What this task involves:
A single number is required: the count of lines in the entries below that include the word "chamfer".

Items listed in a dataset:

- - - - -

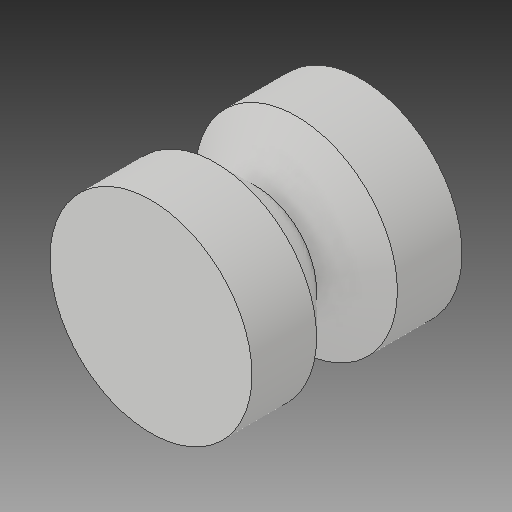
# Autodesk Inventor part: LiftPully
Saved by Autodesk Inventor 2019 (Build 230136000, 136)
## iProperties
Created: 2017-02-01
Part Number: LiftPully
Material: Generic
Document SubType Name: Modeling
Designer: RoboticsUser
Density: 1 g/cm^3
Appearance: Default
Mass: 1.45006 g
Surface Area: 8.06956 cm^2
Volume: 1.45006 cm^3
Author: RoboticsUser
Autodesk Inventor part; units mm, degrees
ref_plane "YZ Plane" through (0, 0, 0) normal (1, 0, 0) x (0, 1, 0)
ref_plane "XZ Plane" through (0, 0, 0) normal (0, 1, 0) x (-1, 0, 0)
ref_plane "XY Plane" through (0, 0, 0) normal (0, 0, 1) x (1, 0, 0)
sketch "Sketch1" plane through (0, 0, 0) normal (0, 0, 1) x (1, 0, 0)
  circle A0 centre (0, 0) radius 6.35
  dimension "d0" = 12.7
  constraints: 1 centre point, 1 coincident
  measures "d0" diameter of A0
extrude "Extrusion1" add sketch "Sketch1" along normal blind 6.604
chamfer "Chamfer1" distance 2.54 angle 45 1 edges at (-6.35, 0, 6.604)
sketch "Sketch2" plane through (0, 0, 6.604) normal (0, 0, 1) x (1, 0, 0)
  circle A0 centre (0, 0) radius 6.35
  dimension "d6" = 12.7
  constraints: 1 centre point, 1 coincident
  measures "d6" diameter of A0
extrude "Extrusion2" add sketch "Sketch2" along normal blind 6.604
chamfer "Chamfer2" distance 2.54 angle 45 1 edges at (-6.35, 0, 6.604)
body "Solid1"

- - - - -

Answer section:
2